_Problem to work on_. Leaving out any pictures, transcribe every record exactly.

_Materials provided_.
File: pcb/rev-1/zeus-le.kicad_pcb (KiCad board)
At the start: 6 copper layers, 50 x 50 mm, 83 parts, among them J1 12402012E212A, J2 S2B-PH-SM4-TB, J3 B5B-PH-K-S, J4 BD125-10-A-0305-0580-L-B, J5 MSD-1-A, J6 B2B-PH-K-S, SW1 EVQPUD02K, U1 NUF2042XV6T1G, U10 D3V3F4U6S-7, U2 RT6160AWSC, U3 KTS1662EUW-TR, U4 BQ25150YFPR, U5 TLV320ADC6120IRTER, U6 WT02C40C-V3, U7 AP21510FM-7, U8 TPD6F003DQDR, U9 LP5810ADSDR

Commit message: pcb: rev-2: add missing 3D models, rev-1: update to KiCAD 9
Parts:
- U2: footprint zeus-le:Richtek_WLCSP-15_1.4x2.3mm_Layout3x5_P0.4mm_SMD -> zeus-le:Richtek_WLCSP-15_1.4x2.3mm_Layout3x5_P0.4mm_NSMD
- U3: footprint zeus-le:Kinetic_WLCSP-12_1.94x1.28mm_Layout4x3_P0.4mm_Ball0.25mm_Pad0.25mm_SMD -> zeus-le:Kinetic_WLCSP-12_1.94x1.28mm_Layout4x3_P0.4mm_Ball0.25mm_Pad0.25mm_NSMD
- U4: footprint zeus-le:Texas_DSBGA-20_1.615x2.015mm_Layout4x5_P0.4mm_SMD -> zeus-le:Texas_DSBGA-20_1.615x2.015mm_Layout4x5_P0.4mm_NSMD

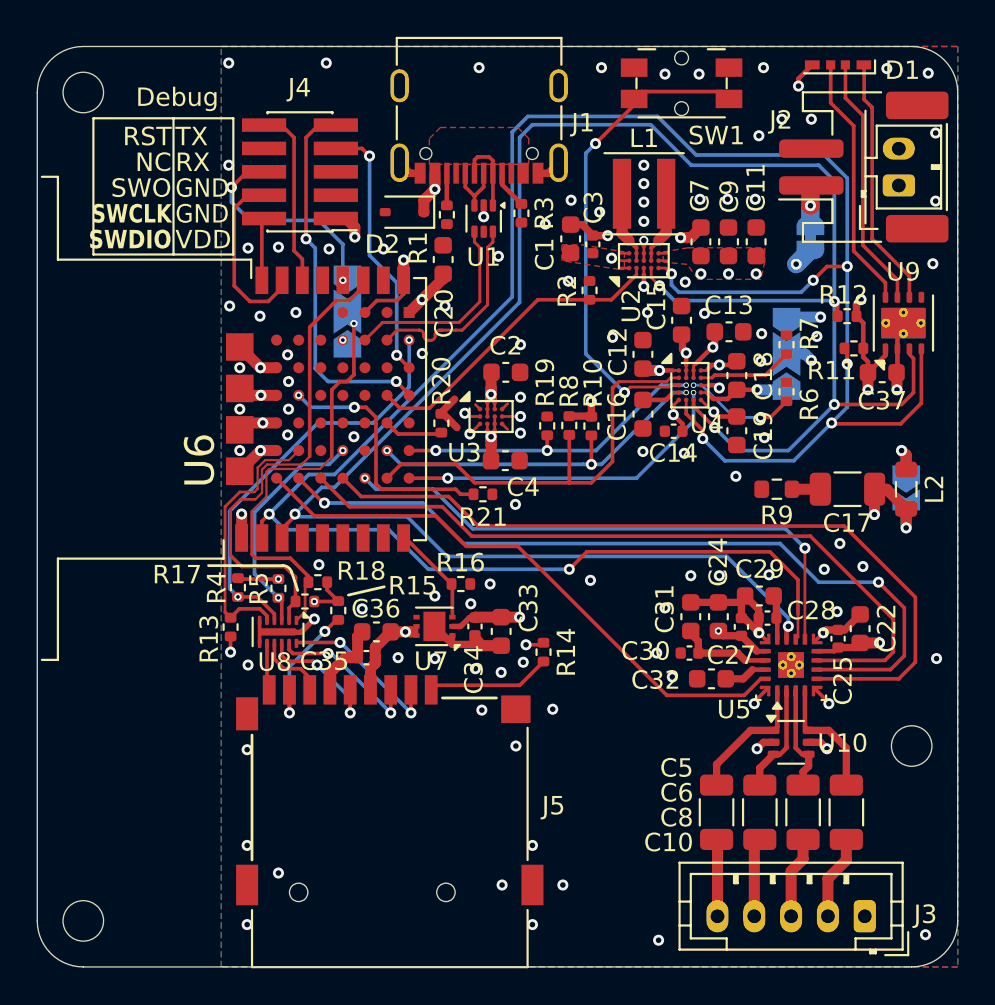
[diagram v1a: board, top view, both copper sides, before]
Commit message: Update PCBs
* Update to KiCad 10
* Update footprint for nRF53 module based on 1.01 datasheet with
  actually readable mechanical drawing
* Add 3D model for production nRF53 module
* Remove overlapping silkscreen on rev-1 with production nRF53 module
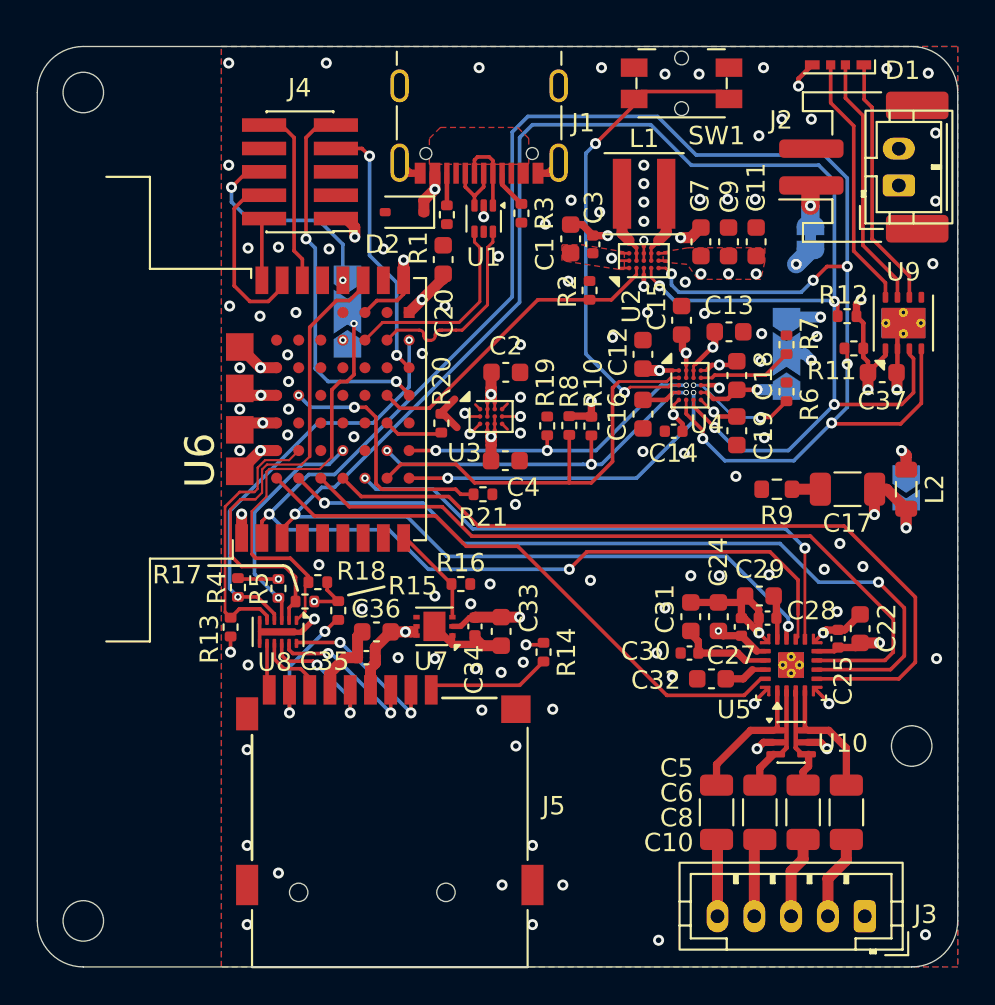
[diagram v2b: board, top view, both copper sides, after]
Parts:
- U6: value WT02C40C-V3 -> WT02C40C-VC; footprint zeus-le:WT02C40C -> zeus-le:WT02C40C-VC
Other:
- board text removed: "Debug"
- board text removed: "NC"
- board text removed: "RST"
- board text removed: "RX"
- board text removed: "SWCLK"
- board text removed: "SWDIO"
- board text removed: "SWO"
- board text removed: "TX"
- board text removed: "VDD"

_Answer for this exercise_.
File: pcb/rev-1/zeus-le.kicad_pcb (KiCad board)
At the start: 6 copper layers, 50 x 50 mm, 83 parts, among them J1 12402012E212A, J2 S2B-PH-SM4-TB, J3 B5B-PH-K-S, J4 BD125-10-A-0305-0580-L-B, J5 MSD-1-A, J6 B2B-PH-K-S, SW1 EVQPUD02K, U1 NUF2042XV6T1G, U10 D3V3F4U6S-7, U2 RT6160AWSC, U3 KTS1662EUW-TR, U4 BQ25150YFPR, U5 TLV320ADC6120IRTER, U6 WT02C40C-V3, U7 AP21510FM-7, U8 TPD6F003DQDR, U9 LP5810ADSDR

Commit message: pcb: rev-2: add missing 3D models, rev-1: update to KiCAD 9
Parts:
- U2: footprint zeus-le:Richtek_WLCSP-15_1.4x2.3mm_Layout3x5_P0.4mm_SMD -> zeus-le:Richtek_WLCSP-15_1.4x2.3mm_Layout3x5_P0.4mm_NSMD
- U3: footprint zeus-le:Kinetic_WLCSP-12_1.94x1.28mm_Layout4x3_P0.4mm_Ball0.25mm_Pad0.25mm_SMD -> zeus-le:Kinetic_WLCSP-12_1.94x1.28mm_Layout4x3_P0.4mm_Ball0.25mm_Pad0.25mm_NSMD
- U4: footprint zeus-le:Texas_DSBGA-20_1.615x2.015mm_Layout4x5_P0.4mm_SMD -> zeus-le:Texas_DSBGA-20_1.615x2.015mm_Layout4x5_P0.4mm_NSMD

[diagram v1a: board, top view, both copper sides, before]
Commit message: Update PCBs
* Update to KiCad 10
* Update footprint for nRF53 module based on 1.01 datasheet with
  actually readable mechanical drawing
* Add 3D model for production nRF53 module
* Remove overlapping silkscreen on rev-1 with production nRF53 module
[diagram v2b: board, top view, both copper sides, after]
Parts:
- U6: value WT02C40C-V3 -> WT02C40C-VC; footprint zeus-le:WT02C40C -> zeus-le:WT02C40C-VC
Other:
- board text removed: "Debug"
- board text removed: "NC"
- board text removed: "RST"
- board text removed: "RX"
- board text removed: "SWCLK"
- board text removed: "SWDIO"
- board text removed: "SWO"
- board text removed: "TX"
- board text removed: "VDD"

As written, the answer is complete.